# REQUIRED ACTION
Return the records from the first line through the line containing "for name, color, linetype, lineweight", and leave out the pictures.

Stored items

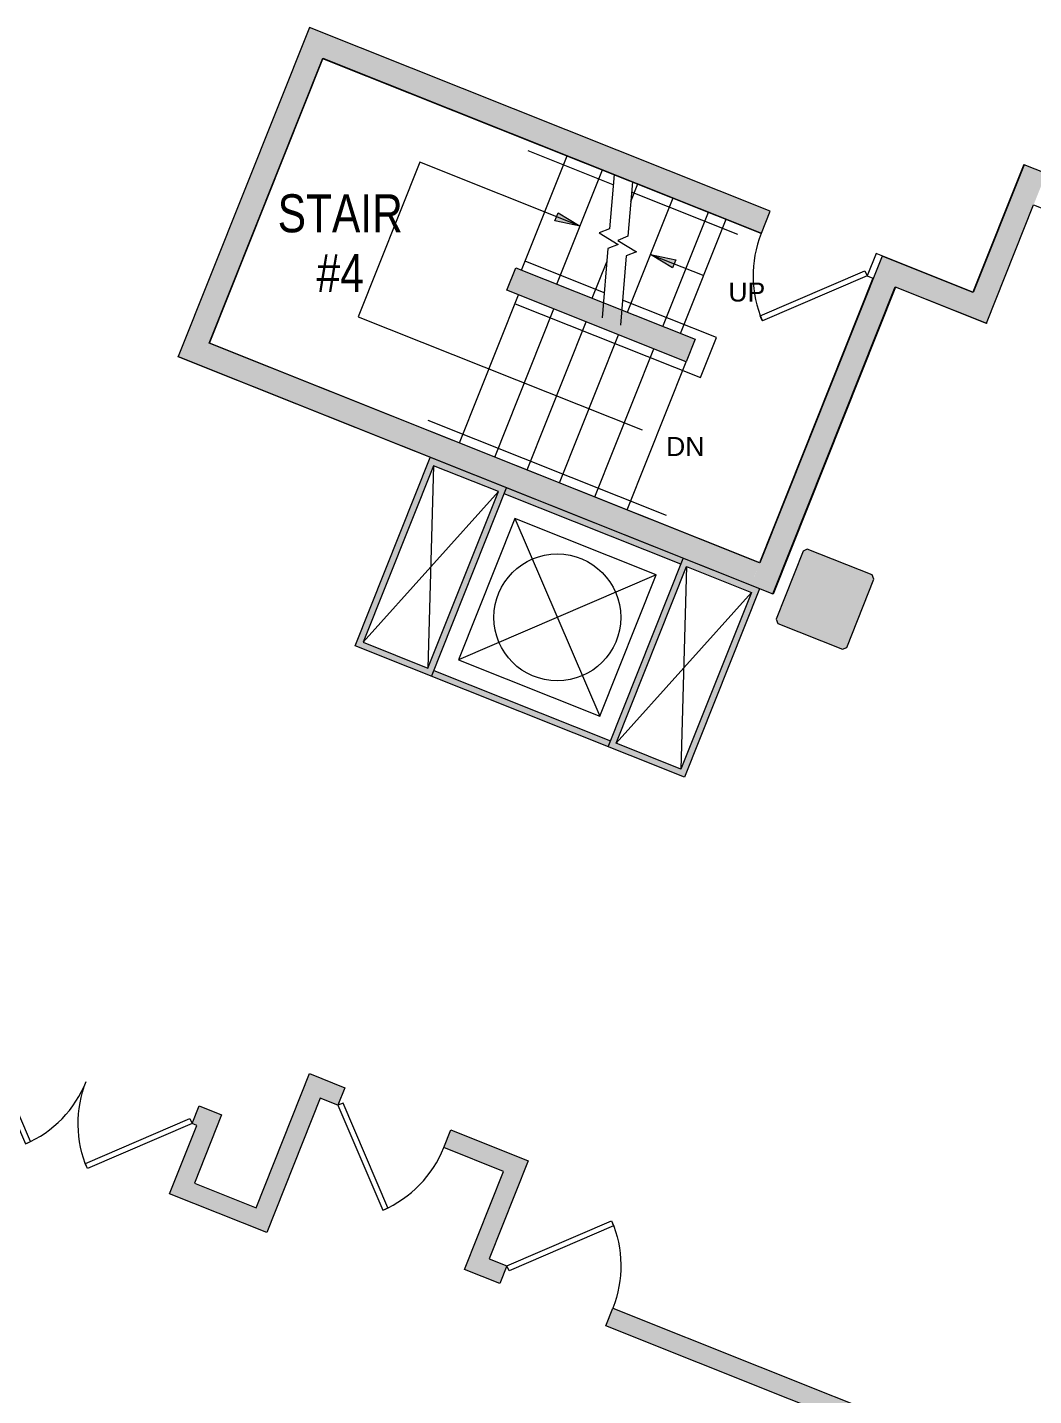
# Model space of a CAD drawing. Header units: inches. Extents: x -13 to 4331, y -638 to 2885.
# Drawn here: x 2207.8 to 2525.5, y 1560.3 to 1992.2 of the extents above; entities that cross this region are included whole.
import ezdxf

# ---------------------------------------------------------------- set-up
doc = ezdxf.new("R2010")
doc.units = ezdxf.units.IN
doc.header["$MEASUREMENT"] = 0
for name, color, linetype, lineweight in [('A-DOOR', 31, 'Continuous', 13), ('A-FLOR-STRS', 7, 'Continuous', 9), ('A-WALL', 113, 'Continuous', 9), ('A-WALL-PATT', 111, 'Continuous', 13), ('Chevy Chase Pavilion_3rd Floor Base_dwg', 8, 'Continuous', 9), ('M-HVAC', 7, 'Continuous', 9), ('S-COLS', 52, 'Continuous', 13), ('TEXT - RCP', 7, 'Continuous', 9)]:
    doc.layers.add(name, color=color, linetype=linetype, lineweight=lineweight)
doc.styles.add('Arial', font='arial.ttf', dxfattribs={"height": 6})
doc.styles.add('Arial_1', font='arial.ttf', dxfattribs={"width": 0.8, "height": 12})

# ---------------------------------------------------------------- blocks, each defined once
blk = doc.blocks.new('Chevy Chase Pavilion_3rd Floor Base_dwg__U3-5518006-FIRST FLOOR POWER _ SIGNAL')
at = {"layer": 'A-DOOR', "color": 7, "lineweight": 9, "flags": 128}
blk.add_lwpolyline([(0, 0), (25.46, 25.46), (26.07, 24.84), (26.66, 24.18), (1.24, -1.24)], close=True, dxfattribs=at)
at = {"layer": 'A-DOOR', "color": 7, "lineweight": 9}
blk.add_arc((0, 0), 36, 0, 45, dxfattribs=at)
blk = doc.blocks.new('Chevy Chase Pavilion_3rd Floor Base_dwg_cut-V1-FIRST FLOOR POWER _ SIGNAL')
at = {"layer": 'A-FLOR-STRS', "flags": 128}
blk.add_lwpolyline([(-0.815, 0), (-0.125, 0), (-0.063, -0.125), (0.062, 0.125), (0.125, 0), (1, 0)], dxfattribs=at)
blk = doc.blocks.new('Chevy Chase Pavilion_3rd Floor Base_dwg_cut-V2-FIRST FLOOR POWER _ SIGNAL')
at = {"layer": 'A-FLOR-STRS', "flags": 128}
blk.add_lwpolyline([(-0.815, 0), (-0.125, 0), (-0.063, -0.125), (0.062, 0.125), (0.125, 0), (1, 0)], dxfattribs=at)
blk = doc.blocks.new('Chevy Chase Pavilion_3rd Floor Base_dwg__U5-5518022-FIRST FLOOR POWER _ SIGNAL')
at = {"layer": 'A-DOOR', "color": 7, "lineweight": 9, "flags": 128}
blk.add_lwpolyline([(0, 0), (25.46, -25.46), (26.07, -24.84), (26.66, -24.18), (1.24, 1.24)], close=True, dxfattribs=at)
at = {"layer": 'A-DOOR', "color": 7, "lineweight": 9}
blk.add_arc((0, 0), 36, 315, 0, dxfattribs=at)
blk = doc.blocks.new('Chevy Chase Pavilion_3rd Floor Base_dwg__U5-5518008-FIRST FLOOR POWER _ SIGNAL')
at = {"layer": 'A-DOOR', "color": 7, "lineweight": 9, "flags": 128}
blk.add_lwpolyline([(0, 0), (25.46, -25.46), (26.07, -24.84), (26.66, -24.18), (1.24, 1.24)], close=True, dxfattribs=at)
at = {"layer": 'A-DOOR', "color": 7, "lineweight": 9}
blk.add_arc((0, 0), 36, 315, 0, dxfattribs=at)
blk = doc.blocks.new('Chevy Chase Pavilion_3rd Floor Base_dwg-5020009-FIRST FLOOR POWER _ SIGNAL')
at = {"layer": 'A-FLOR-STRS'}
for points in [[(2382.29, 1929.43), (2374.37, 1931.15), (2375.35, 1933.63)], [(2411.52, 1916.34), (2404.58, 1920.54), (2412.51, 1918.81)]]:
    blk.add_hatch(color=256, dxfattribs=at).paths.add_polyline_path(points, flags=0)
at = {"layer": 'A-WALL-PATT', "lineweight": 9}
for points in [[(2415.83, 1886.65), (2418.66, 1893.73), (2362.05, 1916.3), (2359.23, 1909.22), (2401.2, 1892.48)], [(2465.19, 1795.95), (2466.49, 1796.51), (2475.04, 1818.07), (2474.48, 1819.37), (2454.02, 1827.48), (2452.73, 1826.91), (2444.18, 1805.36), (2444.74, 1804.06), (2463.78, 1796.51)]]:
    blk.add_hatch(color=7, dxfattribs=at).paths.add_polyline_path(points, flags=0)
h = blk.add_hatch(color=7, dxfattribs=at)
h.paths.add_polyline_path([(2415.29, 1755.51), (2438.99, 1814.95), (2414.84, 1824.59), (2414.84, 1824.64), (2359.13, 1846.86), (2359.11, 1846.81), (2334.96, 1856.44), (2311.25, 1797), (2414.84, 1755.68)], flags=0)
h.paths.add_polyline_path([(2414.17, 1758.11), (2393.74, 1766.26), (2415.96, 1821.99), (2436.4, 1813.84), (2414.84, 1759.8)], flags=0)
h.paths.add_polyline_path([(2391.88, 1767), (2336.15, 1789.22), (2358.37, 1844.95), (2414.1, 1822.73), (2392.9, 1769.55)], flags=0)
h.paths.add_polyline_path([(2334.29, 1789.96), (2313.85, 1798.11), (2336.08, 1853.84), (2356.51, 1845.69), (2335.41, 1792.76)], flags=0)
h = blk.add_hatch(color=7, dxfattribs=at)
h.paths.add_polyline_path([(2459.2, 1484.99), (2463.65, 1496.13), (2458.07, 1498.35), (2455.85, 1492.78), (2439.82, 1499.17), (2437.6, 1493.6), (2456.06, 1486.24)], flags=0)
h.paths.add_polyline_path([(2364.75, 1490.28), (2375.88, 1518.21), (2404.16, 1506.94), (2406.38, 1512.51), (2372.53, 1526.01), (2360.68, 1496.28)], flags=0)
h.paths.add_polyline_path([(2476.98, 1529.57), (2485.5, 1550.93), (2392.62, 1587.98), (2390.39, 1582.4), (2477.71, 1547.58), (2471.41, 1531.79)], flags=0)
h.paths.add_polyline_path([(2154.12, 1591.26), (2178.93, 1653.49), (2182.88, 1651.92), (2191.48, 1673.47), (2192.96, 1672.87), (2195.18, 1678.45), (2188.12, 1681.26), (2179.53, 1659.71), (2175.58, 1661.29), (2150.76, 1599.05), (2145.19, 1601.28), (2152.49, 1619.57), (2141.34, 1624.02), (2139.12, 1618.45), (2144.69, 1616.22), (2137.4, 1597.93), (2150.76, 1592.59)], flags=0)
h.paths.add_polyline_path([(2356.95, 1595.74), (2359.18, 1601.31), (2353.6, 1603.53), (2365.94, 1634.47), (2341.51, 1644.21), (2339.29, 1638.64), (2358.14, 1631.12), (2345.81, 1600.18), (2353.6, 1597.08)], flags=0)
h.paths.add_polyline_path([(1989.63, 1607.76), (2013.82, 1668.42), (2071.41, 1645.45), (2070.86, 1646.72), (2072.71, 1651.39), (2010.47, 1676.21), (1986.28, 1615.56), (1922.65, 1640.93), (1943.99, 1694.44), (1894.39, 1714.22), (1892.16, 1708.64), (1936.19, 1691.08), (1914.85, 1637.58), (1987.86, 1608.47)], flags=0)
h.paths.add_polyline_path([(2283.38, 1611.84), (2300.28, 1654.19), (2305.85, 1651.97), (2308.07, 1657.54), (2296.93, 1661.99), (2280.03, 1619.63), (2260.53, 1627.41), (2269.12, 1648.96), (2262.06, 1651.78), (2259.84, 1646.2), (2261.33, 1645.61), (2252.73, 1624.06), (2280.03, 1613.17)], flags=0)
h.paths.add_polyline_path([(1728.02, 1619.37), (1781.26, 1752.87), (1825.28, 1735.31), (1827.51, 1740.89), (1777.91, 1760.67), (1724.67, 1627.17), (1472.19, 1727.85), (1491.2, 1775.5), (1479.96, 1779.98), (1477.74, 1774.41), (1483.4, 1772.15), (1464.4, 1724.5), (1724.67, 1620.71)], flags=0)
h.paths.add_polyline_path([(2105.68, 1631.78), (2107.9, 1637.36), (2095, 1642.5), (2092.79, 1636.92), (2100.87, 1633.7)], flags=0)
h.paths.add_polyline_path([(1390.79, 1695.5), (1377.91, 1713.34), (1390.77, 1745.57), (1385.19, 1747.8), (1371.12, 1712.5), (1380.4, 1699.65), (1390.77, 1695.51)], flags=0)
h.paths.add_polyline_path([(1404.1, 1779.01), (1412.62, 1800.38), (1418.29, 1798.12), (1420.51, 1803.69), (1409.27, 1808.17), (1398.53, 1781.24)], flags=0)
at = {"layer": 'A-FLOR-STRS'}
for p, q in [((2392.75, 1942.51), (2365.94, 1953.2)), ((2363.85, 1915.59), (2378.24, 1951.66)), ((2375, 1911.14), (2389.39, 1947.22)), ((2398.34, 1937.26), (2400.53, 1942.77)), ((2432.11, 1926.81), (2398.58, 1940.19)), ((2397.29, 1902.25), (2411.68, 1938.33)), ((2374.37, 1931.15), (2375.35, 1933.63)), ((2382.29, 1929.43), (2374.37, 1931.15)), ((2375.35, 1933.63), (2382.29, 1929.43)), ((2408.44, 1897.81), (2422.82, 1933.88)), ((2414.04, 1895.57), (2428.43, 1931.64)), ((2389.93, 1908.42), (2364.96, 1918.37)), ((2386.15, 1906.7), (2390.74, 1918.21)), ((2404.58, 1920.54), (2421.34, 1913.86)), ((2411.52, 1916.34), (2404.58, 1920.54)), ((2404.58, 1920.54), (2412.51, 1918.81)), ((2412.51, 1918.81), (2411.52, 1916.34)), ((2344.24, 1861.01), (2362.89, 1907.76)), ((2355.39, 1856.56), (2374.03, 1903.32)), ((2365.6, 1852.49), (2384.25, 1899.24)), ((2375.82, 1848.41), (2394.47, 1895.17)), ((2386.97, 1843.97), (2405.61, 1890.72)), ((2397.18, 1839.89), (2415.83, 1886.65)), ((2334.2, 1868.24), (2409.44, 1838.23))]:
    blk.add_line(p, q, dxfattribs=at)
at = {"layer": 'A-FLOR-STRS', "flags": 128}
for points in [[(2382.29, 1929.43), (2331.72, 1949.6), (2312.28, 1900.85), (2401.9, 1865.11)], [(2361.77, 1904.98), (2420.29, 1881.64), (2425.34, 1894.29), (2395.75, 1906.09)]]:
    blk.add_lwpolyline(points, dxfattribs=at)
at = {"layer": 'A-WALL', "color": 7}
for p, q in [((2335.41, 1787.36), (2359.11, 1846.81)), ((2414.1, 1822.73), (2358.37, 1844.95)), ((2391.14, 1765.14), (2414.84, 1824.59)), ((2336.15, 1789.22), (2391.88, 1767))]:
    blk.add_line(p, q, dxfattribs=at)
at = {"layer": 'A-WALL', "color": 7, "flags": 128}
for points in [[(2522.48, 1948.83), (2522.37, 1948.87), (2506.33, 1908.65), (2475.76, 1920.84), (2472.94, 1913.76), (2474.79, 1913.02), (2438.98, 1823.22), (2265.32, 1892.48), (2301.13, 1982.28)], [(2439.54, 1927.21), (2439.5, 1927.1), (2301.13, 1982.28)], [(2510.61, 1898.8), (2510.59, 1898.75), (2481.88, 1910.2), (2443.24, 1813.32), (2255.41, 1888.22), (2255.44, 1888.29)], [(2438.99, 1814.95), (2415.29, 1755.51), (2311.25, 1797), (2334.96, 1856.44)]]:
    blk.add_lwpolyline(points, dxfattribs=at)
for points in [[(2415.83, 1886.65), (2359.23, 1909.22), (2362.05, 1916.3), (2418.66, 1893.73)], [(2313.85, 1798.11), (2334.29, 1789.96), (2356.51, 1845.69), (2336.08, 1853.84)], [(2414.17, 1758.11), (2393.74, 1766.26), (2415.96, 1821.99), (2436.4, 1813.84)], [(2262.06, 1651.78), (2269.12, 1648.96), (2260.53, 1627.41), (2280.03, 1619.63), (2296.93, 1661.99), (2308.07, 1657.54), (2305.85, 1651.97), (2300.28, 1654.19), (2283.38, 1611.84), (2252.73, 1624.06), (2261.33, 1645.61), (2259.84, 1646.2)], [(2341.51, 1644.21), (2365.94, 1634.47), (2353.6, 1603.53), (2359.18, 1601.31), (2356.95, 1595.74), (2345.81, 1600.18), (2358.14, 1631.12), (2339.29, 1638.64)], [(2392.62, 1587.98), (2485.5, 1550.93), (2476.98, 1529.57), (2471.41, 1531.79), (2477.71, 1547.58), (2390.39, 1582.4)]]:
    blk.add_lwpolyline(points, close=True, dxfattribs=at)
at = {"layer": 'M-HVAC'}
for p, q in [((2336.08, 1853.84), (2334.29, 1789.96)), ((2313.85, 1798.11), (2356.51, 1845.69)), ((2361.72, 1837.16), (2388.53, 1774.79)), ((2415.96, 1821.99), (2414.17, 1758.11)), ((2393.74, 1766.26), (2436.4, 1813.84))]:
    blk.add_line(p, q, dxfattribs=at)
at = {"layer": 'M-HVAC', "flags": 128}
blk.add_lwpolyline([(2406.31, 1819.38), (2343.94, 1792.57), (2388.53, 1774.79), (2406.31, 1819.38), (2361.72, 1837.16), (2343.94, 1792.57)], dxfattribs=at)
at = {"layer": 'M-HVAC'}
blk.add_circle((2375.12, 1805.97), 20.03, dxfattribs=at)
at = {"layer": 'S-COLS', "color": 7, "lineweight": 9, "flags": 128}
blk.add_lwpolyline([(2444.18, 1805.36), (2444.74, 1804.06), (2465.19, 1795.95), (2466.49, 1796.51), (2475.04, 1818.07), (2474.48, 1819.37), (2454.02, 1827.48), (2452.73, 1826.91)], close=True, dxfattribs=at)
at = {"xscale": 24.99999999999999, "yscale": 24.99999999999999, "zscale": 24.99999999999999, "rotation": 265.2665135968279}
for name, p in [('Chevy Chase Pavilion_3rd Floor Base_dwg_cut-V2-FIRST FLOOR POWER _ SIGNAL', (2391.34, 1925.46)), ('Chevy Chase Pavilion_3rd Floor Base_dwg_cut-V1-FIRST FLOOR POWER _ SIGNAL', (2397.17, 1923.14))]:
    blk.add_blockref(name, p, dxfattribs=at)
for name, p, rotation in [('Chevy Chase Pavilion_3rd Floor Base_dwg__U3-5518006-FIRST FLOOR POWER _ SIGNAL', (2472.94, 1913.76), 158.2579999999989), ('Chevy Chase Pavilion_3rd Floor Base_dwg__U5-5518008-FIRST FLOOR POWER _ SIGNAL', (2192.96, 1672.87), 338.258), ('Chevy Chase Pavilion_3rd Floor Base_dwg__U5-5518008-FIRST FLOOR POWER _ SIGNAL', (2305.85, 1651.97), 338.258)]:
    blk.add_blockref(name, p, dxfattribs=dict(rotation=rotation))
at = {"extrusion": (0, 0, -1)}
for p, zscale, rotation in [((-2259.84, 1646.2), -1, 21.74199999999709), ((-2359.18, 1601.31), -0.9999999999999999, 201.7419999999995)]:
    blk.add_blockref('Chevy Chase Pavilion_3rd Floor Base_dwg__U5-5518022-FIRST FLOOR POWER _ SIGNAL', p, dxfattribs=dict(at, zscale=zscale, rotation=rotation))
at = {"layer": 'A-FLOR-STRS', "char_height": 6, "attachment_point": 2, "line_spacing_factor": 0.941778, "style": 'Arial'}
for s, insert, width in [('UP', (2434.96, 1911.65), 13.8835), ('DN', (2415.52, 1862.9), 14.3977)]:
    blk.add_mtext(s, dxfattribs=dict(at, insert=insert, width=width))
at = {"layer": 'TEXT - RCP', "insert": (2306.58, 1939.5), "char_height": 12, "width": 45.5438, "attachment_point": 2, "line_spacing_factor": 0.941778, "style": 'Arial_1'}
blk.add_mtext('STAIR\\P#4', dxfattribs=at)

msp = doc.modelspace()

# ---------------------------------------------------------------- hatches: boundary and pattern name
at = {"layer": 'A-WALL-PATT', "lineweight": 9}
for points in [[(2439.54, 1927.21), (2442.32, 1934.18), (2296.87, 1992.18), (2294.1, 1985.22), (2422.08, 1934.18)], [(2262.41, 1885.52), (2301.06, 1982.44), (2294.1, 1985.22), (2255.44, 1888.29)], [(2510.61, 1898.8), (2529.45, 1946.05), (2522.48, 1948.83), (2503.64, 1901.58), (2506.42, 1900.47)], [(2503.64, 1901.58), (2506.42, 1908.55), (2477.65, 1920.02), (2474.88, 1913.06), (2486.17, 1908.55)], [(2443.21, 1813.41), (2481.84, 1910.28), (2474.88, 1913.06), (2436.25, 1816.19), (2439.02, 1815.08)], [(2436.25, 1816.19), (2439.02, 1823.16), (2265.19, 1892.48), (2262.41, 1885.52), (2349.01, 1850.98)]]:
    msp.add_hatch(color=7, dxfattribs=at).paths.add_polyline_path(points, flags=0)

# ---------------------------------------------------------------- linework, layer by layer
at = {"layer": 'A-WALL', "color": 8, "lineweight": 20}
for p, q in [((2296.87, 1992.18), (2255.44, 1888.29)), ((2442.32, 1934.18), (2296.87, 1992.18)), ((2265.19, 1892.48), (2301.06, 1982.44)), ((2301.06, 1982.44), (2439.54, 1927.21)), ((2522.48, 1948.83), (2506.42, 1908.55)), ((2529.45, 1946.05), (2522.48, 1948.83)), ((2510.61, 1898.8), (2525.51, 1936.18)), ((2525.51, 1936.18), (2626.55, 1895.89)), ((2439.54, 1927.21), (2442.32, 1934.18)), ((2477.65, 1920.02), (2439.02, 1823.16)), ((2506.42, 1908.55), (2477.65, 1920.02)), ((2443.21, 1813.41), (2481.84, 1910.28)), ((2481.84, 1910.28), (2510.61, 1898.8)), ((2439.02, 1823.16), (2265.19, 1892.48)), ((2255.44, 1888.29), (2443.21, 1813.41))]:
    msp.add_line(p, q, dxfattribs=at)

# ---------------------------------------------------------------- block references
at = {"layer": 'Chevy Chase Pavilion_3rd Floor Base_dwg', "color": 7}
msp.add_blockref('Chevy Chase Pavilion_3rd Floor Base_dwg-5020009-FIRST FLOOR POWER _ SIGNAL', (0, 0), dxfattribs=at)

doc.saveas('drawing.dxf')

# TASK SOLUTION
# Model space of a CAD drawing. Header units: inches. Extents: x -13 to 4331, y -638 to 2885.
# Drawn here: x 2207.8 to 2525.5, y 1560.3 to 1992.2 of the extents above; entities that cross this region are included whole.
import ezdxf

# ---------------------------------------------------------------- set-up
doc = ezdxf.new("R2010")
doc.units = ezdxf.units.IN
doc.header["$MEASUREMENT"] = 0
for name, color, linetype, lineweight in [('A-DOOR', 31, 'Continuous', 13), ('A-FLOR-STRS', 7, 'Continuous', 9), ('A-WALL', 113, 'Continuous', 9), ('A-WALL-PATT', 111, 'Continuous', 13), ('Chevy Chase Pavilion_3rd Floor Base_dwg', 8, 'Continuous', 9), ('M-HVAC', 7, 'Continuous', 9), ('S-COLS', 52, 'Continuous', 13), ('TEXT - RCP', 7, 'Continuous', 9)]:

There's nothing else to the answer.